Zwei Wochen vor dem Gig, Setlist auf dem Tisch, und jemand fragt:
Können wir den?
Alle nicken vage. Der eine, bei dem es nicht sitzt, sagt nichts — weil er als Einziger dastünde. Zwei Wochen später steht ihr auf der Bühne und es zeigt sich, dass drei Leute genickt haben, ohne es zu meinen.
Das Problem ist nicht die Ehrlichkeit
Es ist die Reihenfolge. Wer als Erster zugibt, dass ein Stück nicht sitzt, macht sich angreifbar. Das ist keine Charakterschwäche, das ist Gruppendynamik. Und sie sorgt zuverlässig dafür, dass die ehrlichste Antwort die ist, die niemand gibt.
Also fragt gig.ly nicht in der Runde, sondern einzeln.
Fünf Stufen, in Ich-Form

- Noch nichts gemacht
- Reingehört
- Übe dran
- Komme klar
- Sitzt bei mir
Die Formulierung ist Absicht. Nicht „kommt klar", sondern „komme klar" — eine Aussage über dich, nicht über den Song. Das macht einen Unterschied: Über den Song lässt sich streiten, über deinen eigenen Stand nicht.
Und du siehst dabei nicht, was die anderen angeklickt haben. Deshalb sind die Antworten brauchbar.

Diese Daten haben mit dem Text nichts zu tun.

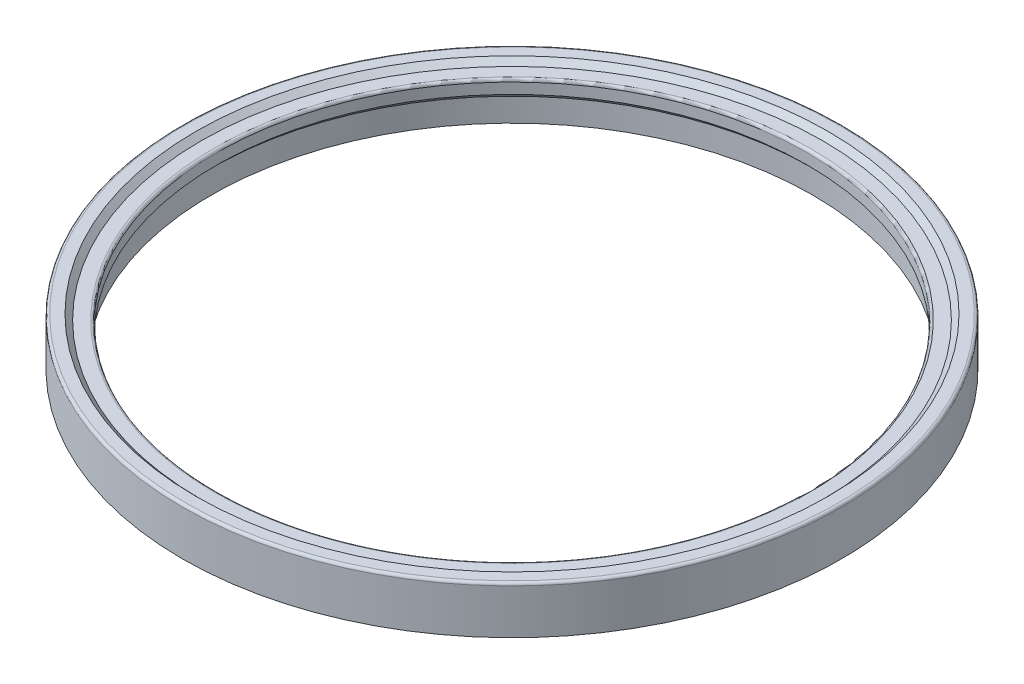
from build123d import *

# Parameters (mm, degrees)
SKETCH4_R          = 1.85
CUT_EXTRUDE1_DEPTH = 6
CIRPATTERN1_COUNT  = 10


with BuildPart() as part:
    # Sketch3 (on Front Plane) → Revolve2 (revolve)
    with BuildSketch(Plane.XY, mode=Mode.PRIVATE) as revolve2_sk:
        with BuildLine():
            Line((-117.849137803, -13.05), (-113, -13.05))
            ThreePointArc((-113, -13.05), (-112.292893219, -13.342893219), (-112, -14.05))
            Line((-112, -14.05), (-112, -18.100862197))
            Line((-112, -18.100862197), (-114.05, -20.150862197))
            Line((-114.05, -20.150862197), (-114.05, -29))
            Line((-114.05, -29), (-125, -29))
            Line((-125, -29), (-125, -12))
            ThreePointArc((-125, -12), (-124.707106781, -11.292893219), (-124, -11))
            Line((-124, -11), (-119.899137803, -11))
            Line((-119.899137803, -11), (-117.849137803, -13.05))
        make_face()
    revolve(revolve2_sk.sketch.rotate(Axis((0, 0, 0), (0, 1, 0)), 270), axis=Axis((0, 0, 0), (0, 1, 0)))

    # Sketch4 → Cut-Extrude1 (cut)
    with BuildSketch(Plane.XZ.offset(29)):
        with Locations(Location((0, -119.525, 0), (0, 0, 270))):
            Circle(SKETCH4_R)
    cut_extrude1 = extrude(amount=-CUT_EXTRUDE1_DEPTH, mode=Mode.SUBTRACT)

    # CirPattern1: Cut-Extrude1 ×10 about axis
    cirpattern1_axis = Axis((0, 0, 0), (0, 1, 0))
    for i in range(1, CIRPATTERN1_COUNT):
        add(cut_extrude1.rotate(cirpattern1_axis, i * 360 / CIRPATTERN1_COUNT), mode=Mode.SUBTRACT)


solid = part.part

Danach sieht die Band, wo sie steht

Was die Band bekommt, ist nicht „wer kann was nicht", sondern wo es hakt. Ein Stück, bei dem vier von sechs auf „übe dran" stehen, ist kein Personalproblem — es ist der nächste Punkt auf dem Probenplan.
Ihr diskutiert über Zahlen statt über Gefühle
„Ich finde, wir können den schon" gegen „vier von sechs sind noch nicht durch" — das eine ist eine Meinung, das andere ein Plan. Die zweite Diskussion dauert eine Minute und endet mit einer Entscheidung.
Und weil niemand namentlich dasteht, kann man das Stück rausnehmen, ohne dass sich jemand rechtfertigen muss.
Wann gefragt wird
Nicht ständig. Der Dialog kommt, wenn es tatsächlich etwas zu bewerten gibt — neue Stücke, Stücke, die lange lagen, Stücke vor einem Termin. Und „Später" ist eine vollwertige Antwort: Sie merkt sich, dass du gefragt wurdest, und fragt in derselben Sitzung nicht nochmal.
Was daraus folgt
Die Übe-Liste sortiert sich nach dem, was hakt und was ansteht. Das ist der eigentliche Nutzen der Bewertung: Sie ist keine Statistik, sondern der Grund, warum du nicht überlegen musst, was du üben sollst.
Zwei Wochen vor dem Gig: „Den lassen wir raus." Entschieden in einer Minute, ohne dass jemand sich erklären musste.
Als Nächstes: Muss ich das üben?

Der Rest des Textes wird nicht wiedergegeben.